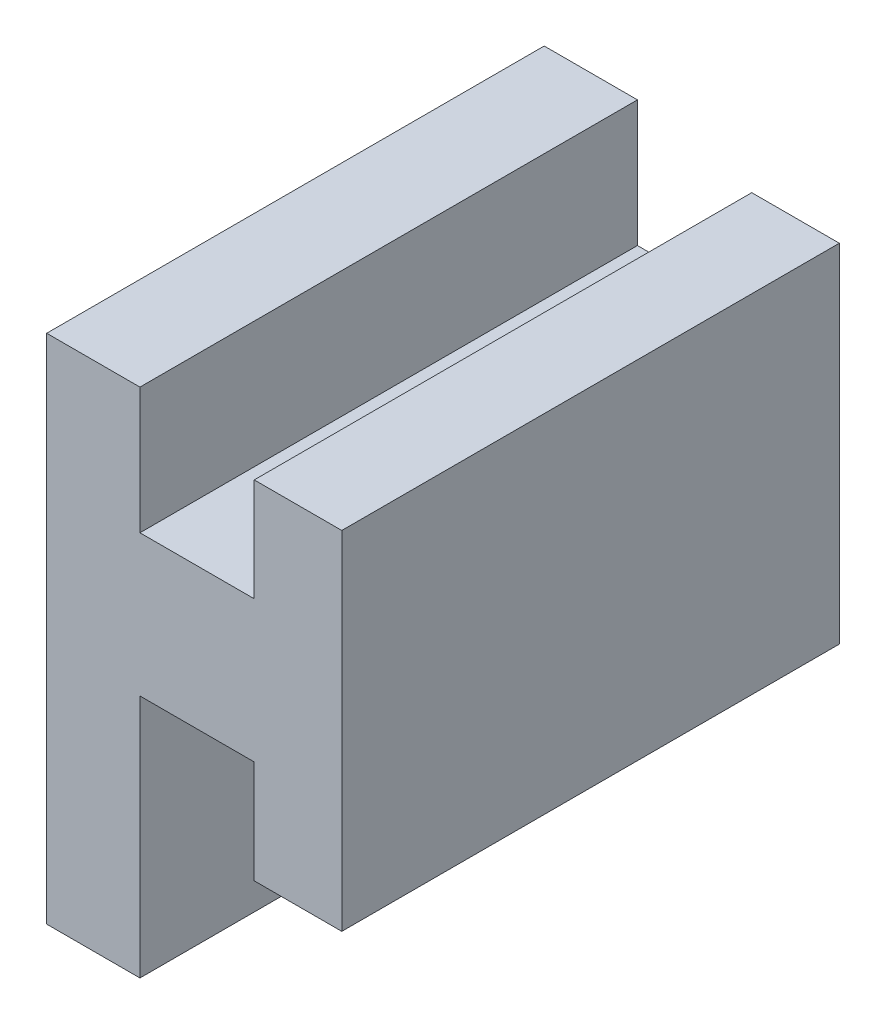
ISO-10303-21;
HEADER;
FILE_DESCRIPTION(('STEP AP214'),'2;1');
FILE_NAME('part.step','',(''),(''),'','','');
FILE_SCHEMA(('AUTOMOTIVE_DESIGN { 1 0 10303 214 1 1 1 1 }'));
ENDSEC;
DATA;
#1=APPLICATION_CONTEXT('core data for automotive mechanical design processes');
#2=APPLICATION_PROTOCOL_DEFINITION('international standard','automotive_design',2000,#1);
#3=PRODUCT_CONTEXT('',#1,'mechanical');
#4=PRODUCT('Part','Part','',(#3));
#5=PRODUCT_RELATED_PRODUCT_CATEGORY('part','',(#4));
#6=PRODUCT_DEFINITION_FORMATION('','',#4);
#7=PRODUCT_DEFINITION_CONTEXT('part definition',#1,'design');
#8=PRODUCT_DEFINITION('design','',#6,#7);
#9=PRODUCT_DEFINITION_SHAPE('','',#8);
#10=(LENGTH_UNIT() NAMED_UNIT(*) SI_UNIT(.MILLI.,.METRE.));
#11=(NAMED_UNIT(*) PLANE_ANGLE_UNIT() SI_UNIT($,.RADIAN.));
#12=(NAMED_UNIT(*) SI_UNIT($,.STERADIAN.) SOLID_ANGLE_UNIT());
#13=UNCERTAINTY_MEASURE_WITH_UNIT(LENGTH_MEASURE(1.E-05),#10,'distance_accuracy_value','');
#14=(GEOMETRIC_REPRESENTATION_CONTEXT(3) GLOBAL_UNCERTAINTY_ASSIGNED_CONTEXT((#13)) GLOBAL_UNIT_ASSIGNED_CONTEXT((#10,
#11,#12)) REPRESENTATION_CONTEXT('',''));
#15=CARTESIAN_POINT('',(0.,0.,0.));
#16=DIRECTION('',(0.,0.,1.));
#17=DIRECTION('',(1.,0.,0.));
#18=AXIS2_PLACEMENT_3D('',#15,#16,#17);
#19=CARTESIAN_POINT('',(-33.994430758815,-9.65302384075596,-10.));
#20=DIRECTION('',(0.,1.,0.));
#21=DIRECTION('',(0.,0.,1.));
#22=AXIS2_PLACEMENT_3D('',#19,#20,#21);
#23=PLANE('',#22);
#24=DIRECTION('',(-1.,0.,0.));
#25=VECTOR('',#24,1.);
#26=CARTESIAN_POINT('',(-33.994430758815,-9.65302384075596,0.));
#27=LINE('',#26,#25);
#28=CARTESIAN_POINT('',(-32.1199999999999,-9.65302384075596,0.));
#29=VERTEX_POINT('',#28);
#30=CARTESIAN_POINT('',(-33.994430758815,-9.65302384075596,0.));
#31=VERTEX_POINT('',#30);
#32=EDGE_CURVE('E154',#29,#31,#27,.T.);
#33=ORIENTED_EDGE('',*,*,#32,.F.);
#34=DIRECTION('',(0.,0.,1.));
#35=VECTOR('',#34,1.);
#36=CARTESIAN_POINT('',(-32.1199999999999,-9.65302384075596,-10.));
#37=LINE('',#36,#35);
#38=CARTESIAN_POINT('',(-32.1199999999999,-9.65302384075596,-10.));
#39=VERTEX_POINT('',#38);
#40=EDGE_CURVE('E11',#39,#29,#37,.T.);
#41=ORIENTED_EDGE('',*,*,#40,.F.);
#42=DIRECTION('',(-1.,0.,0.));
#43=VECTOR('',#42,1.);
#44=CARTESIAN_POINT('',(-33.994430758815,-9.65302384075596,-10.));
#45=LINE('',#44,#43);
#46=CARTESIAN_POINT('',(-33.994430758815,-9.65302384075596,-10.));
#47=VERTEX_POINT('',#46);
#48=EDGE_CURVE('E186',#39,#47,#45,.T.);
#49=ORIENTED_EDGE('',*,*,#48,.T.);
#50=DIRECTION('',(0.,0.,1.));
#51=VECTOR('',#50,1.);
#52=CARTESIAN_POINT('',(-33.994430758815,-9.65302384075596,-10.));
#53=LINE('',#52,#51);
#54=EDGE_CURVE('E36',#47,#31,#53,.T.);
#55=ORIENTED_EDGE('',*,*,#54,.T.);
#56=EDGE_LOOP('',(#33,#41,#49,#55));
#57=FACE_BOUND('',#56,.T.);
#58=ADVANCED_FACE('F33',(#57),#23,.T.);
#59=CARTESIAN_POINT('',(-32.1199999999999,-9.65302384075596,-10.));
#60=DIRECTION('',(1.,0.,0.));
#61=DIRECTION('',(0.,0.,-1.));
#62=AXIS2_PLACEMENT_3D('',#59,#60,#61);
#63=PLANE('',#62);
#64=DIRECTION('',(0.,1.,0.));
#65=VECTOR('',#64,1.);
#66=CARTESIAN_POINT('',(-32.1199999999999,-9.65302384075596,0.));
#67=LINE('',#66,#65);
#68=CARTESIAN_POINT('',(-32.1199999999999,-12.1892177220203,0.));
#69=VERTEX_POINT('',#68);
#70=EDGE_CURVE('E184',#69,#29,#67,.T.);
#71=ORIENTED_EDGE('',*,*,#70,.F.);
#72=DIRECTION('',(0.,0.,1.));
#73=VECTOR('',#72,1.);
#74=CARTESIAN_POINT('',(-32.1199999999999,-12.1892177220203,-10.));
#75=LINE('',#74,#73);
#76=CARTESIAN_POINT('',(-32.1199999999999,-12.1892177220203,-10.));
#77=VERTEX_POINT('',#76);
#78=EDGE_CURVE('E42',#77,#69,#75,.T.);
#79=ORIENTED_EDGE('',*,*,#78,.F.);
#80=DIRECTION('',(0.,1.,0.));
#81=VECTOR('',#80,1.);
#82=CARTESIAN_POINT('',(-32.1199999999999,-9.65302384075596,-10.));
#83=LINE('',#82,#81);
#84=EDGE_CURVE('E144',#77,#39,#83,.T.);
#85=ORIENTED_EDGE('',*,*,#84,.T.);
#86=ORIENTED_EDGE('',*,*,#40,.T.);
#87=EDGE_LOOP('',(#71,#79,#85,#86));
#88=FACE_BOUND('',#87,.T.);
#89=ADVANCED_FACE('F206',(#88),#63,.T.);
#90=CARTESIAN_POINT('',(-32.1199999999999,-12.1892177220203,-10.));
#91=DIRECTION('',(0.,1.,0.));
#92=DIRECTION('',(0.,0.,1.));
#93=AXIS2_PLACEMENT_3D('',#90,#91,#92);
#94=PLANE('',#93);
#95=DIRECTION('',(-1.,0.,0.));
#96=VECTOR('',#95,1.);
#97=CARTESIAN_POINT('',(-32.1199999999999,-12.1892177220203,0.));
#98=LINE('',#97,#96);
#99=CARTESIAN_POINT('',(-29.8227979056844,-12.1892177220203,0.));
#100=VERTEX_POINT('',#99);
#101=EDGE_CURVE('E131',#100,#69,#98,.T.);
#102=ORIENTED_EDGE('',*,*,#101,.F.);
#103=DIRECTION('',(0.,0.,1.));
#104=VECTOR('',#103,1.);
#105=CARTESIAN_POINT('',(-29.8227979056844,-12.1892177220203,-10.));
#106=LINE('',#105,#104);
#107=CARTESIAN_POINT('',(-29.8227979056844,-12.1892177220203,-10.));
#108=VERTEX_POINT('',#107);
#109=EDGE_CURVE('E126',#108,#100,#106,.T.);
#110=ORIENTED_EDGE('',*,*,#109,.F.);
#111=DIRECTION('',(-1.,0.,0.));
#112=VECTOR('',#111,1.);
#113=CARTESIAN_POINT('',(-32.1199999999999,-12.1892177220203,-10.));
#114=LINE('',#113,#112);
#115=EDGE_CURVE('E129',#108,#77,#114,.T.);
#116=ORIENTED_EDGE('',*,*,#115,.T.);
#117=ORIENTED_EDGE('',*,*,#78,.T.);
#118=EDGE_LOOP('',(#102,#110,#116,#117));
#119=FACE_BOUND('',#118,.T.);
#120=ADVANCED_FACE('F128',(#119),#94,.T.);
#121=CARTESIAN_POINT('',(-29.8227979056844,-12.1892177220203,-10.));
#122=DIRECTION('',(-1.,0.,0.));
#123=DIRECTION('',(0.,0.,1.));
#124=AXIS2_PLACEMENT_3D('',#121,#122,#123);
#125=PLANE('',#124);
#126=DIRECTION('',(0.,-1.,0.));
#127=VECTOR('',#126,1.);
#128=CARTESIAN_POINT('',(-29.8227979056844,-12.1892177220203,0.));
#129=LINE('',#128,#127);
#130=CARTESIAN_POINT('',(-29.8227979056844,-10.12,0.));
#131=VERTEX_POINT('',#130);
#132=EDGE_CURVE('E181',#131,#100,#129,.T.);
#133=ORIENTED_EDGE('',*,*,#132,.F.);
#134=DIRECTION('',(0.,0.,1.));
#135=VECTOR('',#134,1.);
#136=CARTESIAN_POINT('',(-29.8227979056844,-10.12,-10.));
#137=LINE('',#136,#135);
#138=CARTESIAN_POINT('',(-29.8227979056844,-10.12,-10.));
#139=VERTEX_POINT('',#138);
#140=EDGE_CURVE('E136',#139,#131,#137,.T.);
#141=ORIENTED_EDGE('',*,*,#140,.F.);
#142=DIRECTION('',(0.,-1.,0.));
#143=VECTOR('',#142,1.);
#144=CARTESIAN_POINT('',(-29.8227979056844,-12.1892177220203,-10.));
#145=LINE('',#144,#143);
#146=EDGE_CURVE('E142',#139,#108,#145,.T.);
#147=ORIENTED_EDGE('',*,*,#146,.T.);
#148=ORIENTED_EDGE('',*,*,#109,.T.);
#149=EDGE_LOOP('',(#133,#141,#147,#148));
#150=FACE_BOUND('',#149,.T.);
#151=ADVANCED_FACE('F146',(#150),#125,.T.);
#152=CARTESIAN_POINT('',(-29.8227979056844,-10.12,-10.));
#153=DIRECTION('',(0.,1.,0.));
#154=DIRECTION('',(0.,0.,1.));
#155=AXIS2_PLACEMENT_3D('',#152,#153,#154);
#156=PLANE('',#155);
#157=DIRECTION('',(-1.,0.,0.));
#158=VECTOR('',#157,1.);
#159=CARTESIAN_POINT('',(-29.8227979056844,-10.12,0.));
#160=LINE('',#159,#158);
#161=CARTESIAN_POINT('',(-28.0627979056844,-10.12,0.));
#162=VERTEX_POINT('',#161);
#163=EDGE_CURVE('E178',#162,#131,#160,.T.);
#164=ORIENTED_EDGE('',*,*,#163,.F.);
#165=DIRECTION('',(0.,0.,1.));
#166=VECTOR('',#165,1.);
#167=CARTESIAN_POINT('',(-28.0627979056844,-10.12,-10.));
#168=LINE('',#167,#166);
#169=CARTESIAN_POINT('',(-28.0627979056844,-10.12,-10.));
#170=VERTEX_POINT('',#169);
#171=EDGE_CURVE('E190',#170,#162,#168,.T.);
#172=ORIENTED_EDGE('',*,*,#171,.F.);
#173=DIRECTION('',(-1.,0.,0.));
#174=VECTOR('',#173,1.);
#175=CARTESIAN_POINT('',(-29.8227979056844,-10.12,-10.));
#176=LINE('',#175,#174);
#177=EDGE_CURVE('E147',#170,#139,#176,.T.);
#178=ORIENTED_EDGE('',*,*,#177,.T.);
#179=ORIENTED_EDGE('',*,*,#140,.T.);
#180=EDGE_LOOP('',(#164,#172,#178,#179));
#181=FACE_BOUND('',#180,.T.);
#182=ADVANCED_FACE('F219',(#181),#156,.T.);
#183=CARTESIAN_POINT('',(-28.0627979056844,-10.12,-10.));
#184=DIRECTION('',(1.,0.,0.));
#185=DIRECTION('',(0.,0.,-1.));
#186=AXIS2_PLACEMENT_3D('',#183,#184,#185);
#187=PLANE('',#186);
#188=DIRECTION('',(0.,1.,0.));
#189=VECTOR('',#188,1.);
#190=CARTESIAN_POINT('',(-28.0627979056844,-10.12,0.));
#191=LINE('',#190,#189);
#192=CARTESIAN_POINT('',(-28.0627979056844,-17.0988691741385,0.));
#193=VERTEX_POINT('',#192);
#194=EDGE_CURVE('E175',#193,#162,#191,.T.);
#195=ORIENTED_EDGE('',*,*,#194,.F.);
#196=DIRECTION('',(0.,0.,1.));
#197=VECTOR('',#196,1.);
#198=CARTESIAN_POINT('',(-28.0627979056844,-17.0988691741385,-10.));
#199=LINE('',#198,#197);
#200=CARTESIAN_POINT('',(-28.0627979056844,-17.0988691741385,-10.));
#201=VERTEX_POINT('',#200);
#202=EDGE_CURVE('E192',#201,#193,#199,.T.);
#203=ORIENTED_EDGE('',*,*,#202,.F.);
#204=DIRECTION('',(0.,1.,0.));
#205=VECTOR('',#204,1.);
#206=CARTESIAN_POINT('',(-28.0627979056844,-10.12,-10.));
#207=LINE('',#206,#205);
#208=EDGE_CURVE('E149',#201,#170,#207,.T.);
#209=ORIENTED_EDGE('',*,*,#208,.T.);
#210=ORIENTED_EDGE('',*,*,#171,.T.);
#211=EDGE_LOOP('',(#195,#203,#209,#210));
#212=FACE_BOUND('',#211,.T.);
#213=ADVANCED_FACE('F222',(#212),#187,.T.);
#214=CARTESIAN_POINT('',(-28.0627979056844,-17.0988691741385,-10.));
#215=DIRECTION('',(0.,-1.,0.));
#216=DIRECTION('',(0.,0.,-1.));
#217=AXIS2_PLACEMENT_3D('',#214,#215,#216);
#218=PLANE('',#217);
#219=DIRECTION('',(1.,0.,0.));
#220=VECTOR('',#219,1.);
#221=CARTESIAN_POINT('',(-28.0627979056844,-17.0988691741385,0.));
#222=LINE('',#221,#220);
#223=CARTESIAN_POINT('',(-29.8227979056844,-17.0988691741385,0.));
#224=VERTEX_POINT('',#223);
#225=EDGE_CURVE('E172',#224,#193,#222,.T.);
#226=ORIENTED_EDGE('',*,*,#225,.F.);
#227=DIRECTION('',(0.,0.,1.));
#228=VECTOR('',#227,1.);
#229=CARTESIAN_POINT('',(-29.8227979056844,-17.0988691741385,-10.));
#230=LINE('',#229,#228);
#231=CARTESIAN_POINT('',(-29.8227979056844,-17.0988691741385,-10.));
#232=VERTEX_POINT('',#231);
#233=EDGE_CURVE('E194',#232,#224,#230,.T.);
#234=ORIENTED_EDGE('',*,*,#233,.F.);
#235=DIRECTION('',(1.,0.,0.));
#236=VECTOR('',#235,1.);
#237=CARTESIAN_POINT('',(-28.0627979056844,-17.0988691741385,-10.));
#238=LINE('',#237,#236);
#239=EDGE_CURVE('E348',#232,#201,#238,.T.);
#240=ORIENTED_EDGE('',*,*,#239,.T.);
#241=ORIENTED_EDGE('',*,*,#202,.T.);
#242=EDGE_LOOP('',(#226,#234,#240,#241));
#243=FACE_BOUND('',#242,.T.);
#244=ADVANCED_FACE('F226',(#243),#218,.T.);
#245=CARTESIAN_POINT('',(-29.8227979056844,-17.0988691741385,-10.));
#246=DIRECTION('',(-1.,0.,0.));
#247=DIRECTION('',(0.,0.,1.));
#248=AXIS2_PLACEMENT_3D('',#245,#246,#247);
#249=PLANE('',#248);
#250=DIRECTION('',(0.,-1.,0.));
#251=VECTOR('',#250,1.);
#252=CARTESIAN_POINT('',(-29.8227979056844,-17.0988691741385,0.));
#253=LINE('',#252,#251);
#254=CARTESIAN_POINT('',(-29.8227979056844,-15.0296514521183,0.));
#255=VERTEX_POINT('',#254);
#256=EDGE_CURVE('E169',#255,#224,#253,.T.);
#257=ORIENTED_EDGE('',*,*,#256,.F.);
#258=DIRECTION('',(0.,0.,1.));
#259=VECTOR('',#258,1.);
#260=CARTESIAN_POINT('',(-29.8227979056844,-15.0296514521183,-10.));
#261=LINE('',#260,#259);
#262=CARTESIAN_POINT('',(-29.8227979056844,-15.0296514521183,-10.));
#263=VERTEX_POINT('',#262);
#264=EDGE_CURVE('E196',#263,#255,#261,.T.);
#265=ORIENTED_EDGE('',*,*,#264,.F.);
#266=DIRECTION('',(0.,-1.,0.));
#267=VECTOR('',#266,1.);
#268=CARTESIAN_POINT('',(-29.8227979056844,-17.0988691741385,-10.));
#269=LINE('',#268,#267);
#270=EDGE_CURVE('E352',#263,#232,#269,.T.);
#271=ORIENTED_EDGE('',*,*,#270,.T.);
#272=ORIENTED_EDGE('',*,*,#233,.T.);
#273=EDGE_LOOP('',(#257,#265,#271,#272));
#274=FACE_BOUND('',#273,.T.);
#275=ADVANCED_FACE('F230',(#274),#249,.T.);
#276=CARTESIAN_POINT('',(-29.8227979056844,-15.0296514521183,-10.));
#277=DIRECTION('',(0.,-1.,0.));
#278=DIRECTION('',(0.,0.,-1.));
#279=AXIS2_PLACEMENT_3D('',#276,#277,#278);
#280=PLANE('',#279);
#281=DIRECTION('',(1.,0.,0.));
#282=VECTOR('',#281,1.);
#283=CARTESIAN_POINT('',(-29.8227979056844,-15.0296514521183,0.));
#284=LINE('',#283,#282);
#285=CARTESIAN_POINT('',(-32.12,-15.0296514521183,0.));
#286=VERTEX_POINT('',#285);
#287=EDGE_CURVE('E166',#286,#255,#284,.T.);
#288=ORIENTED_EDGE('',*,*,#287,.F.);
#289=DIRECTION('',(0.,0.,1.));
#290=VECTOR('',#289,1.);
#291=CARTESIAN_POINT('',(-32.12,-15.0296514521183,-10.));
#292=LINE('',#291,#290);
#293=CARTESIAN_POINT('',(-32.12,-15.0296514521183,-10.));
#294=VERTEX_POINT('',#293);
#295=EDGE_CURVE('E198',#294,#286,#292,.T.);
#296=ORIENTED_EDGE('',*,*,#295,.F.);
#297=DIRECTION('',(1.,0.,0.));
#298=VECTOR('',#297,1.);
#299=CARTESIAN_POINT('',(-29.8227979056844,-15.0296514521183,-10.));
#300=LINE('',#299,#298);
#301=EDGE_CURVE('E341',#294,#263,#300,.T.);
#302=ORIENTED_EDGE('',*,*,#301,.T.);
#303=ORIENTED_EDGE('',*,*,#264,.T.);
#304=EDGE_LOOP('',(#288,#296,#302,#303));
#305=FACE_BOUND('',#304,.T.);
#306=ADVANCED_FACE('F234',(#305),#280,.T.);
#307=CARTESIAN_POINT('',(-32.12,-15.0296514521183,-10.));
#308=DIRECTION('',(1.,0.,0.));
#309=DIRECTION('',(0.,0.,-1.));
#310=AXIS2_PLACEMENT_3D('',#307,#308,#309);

EXERCISE GOAL:
From the data above, return every line from the line that has "#233=EDGE_CURVE('E194',#232,#224,#230,.T.);" up to and including the line that has "#281=DIRECTION('',(1.,0.,0.));", exactly.

RESULT OF THIS TASK:
#233=EDGE_CURVE('E194',#232,#224,#230,.T.);
#234=ORIENTED_EDGE('',*,*,#233,.F.);
#235=DIRECTION('',(1.,0.,0.));
#236=VECTOR('',#235,1.);
#237=CARTESIAN_POINT('',(-28.0627979056844,-17.0988691741385,-10.));
#238=LINE('',#237,#236);
#239=EDGE_CURVE('E348',#232,#201,#238,.T.);
#240=ORIENTED_EDGE('',*,*,#239,.T.);
#241=ORIENTED_EDGE('',*,*,#202,.T.);
#242=EDGE_LOOP('',(#226,#234,#240,#241));
#243=FACE_BOUND('',#242,.T.);
#244=ADVANCED_FACE('F226',(#243),#218,.T.);
#245=CARTESIAN_POINT('',(-29.8227979056844,-17.0988691741385,-10.));
#246=DIRECTION('',(-1.,0.,0.));
#247=DIRECTION('',(0.,0.,1.));
#248=AXIS2_PLACEMENT_3D('',#245,#246,#247);
#249=PLANE('',#248);
#250=DIRECTION('',(0.,-1.,0.));
#251=VECTOR('',#250,1.);
#252=CARTESIAN_POINT('',(-29.8227979056844,-17.0988691741385,0.));
#253=LINE('',#252,#251);
#254=CARTESIAN_POINT('',(-29.8227979056844,-15.0296514521183,0.));
#255=VERTEX_POINT('',#254);
#256=EDGE_CURVE('E169',#255,#224,#253,.T.);
#257=ORIENTED_EDGE('',*,*,#256,.F.);
#258=DIRECTION('',(0.,0.,1.));
#259=VECTOR('',#258,1.);
#260=CARTESIAN_POINT('',(-29.8227979056844,-15.0296514521183,-10.));
#261=LINE('',#260,#259);
#262=CARTESIAN_POINT('',(-29.8227979056844,-15.0296514521183,-10.));
#263=VERTEX_POINT('',#262);
#264=EDGE_CURVE('E196',#263,#255,#261,.T.);
#265=ORIENTED_EDGE('',*,*,#264,.F.);
#266=DIRECTION('',(0.,-1.,0.));
#267=VECTOR('',#266,1.);
#268=CARTESIAN_POINT('',(-29.8227979056844,-17.0988691741385,-10.));
#269=LINE('',#268,#267);
#270=EDGE_CURVE('E352',#263,#232,#269,.T.);
#271=ORIENTED_EDGE('',*,*,#270,.T.);
#272=ORIENTED_EDGE('',*,*,#233,.T.);
#273=EDGE_LOOP('',(#257,#265,#271,#272));
#274=FACE_BOUND('',#273,.T.);
#275=ADVANCED_FACE('F230',(#274),#249,.T.);
#276=CARTESIAN_POINT('',(-29.8227979056844,-15.0296514521183,-10.));
#277=DIRECTION('',(0.,-1.,0.));
#278=DIRECTION('',(0.,0.,-1.));
#279=AXIS2_PLACEMENT_3D('',#276,#277,#278);
#280=PLANE('',#279);
#281=DIRECTION('',(1.,0.,0.));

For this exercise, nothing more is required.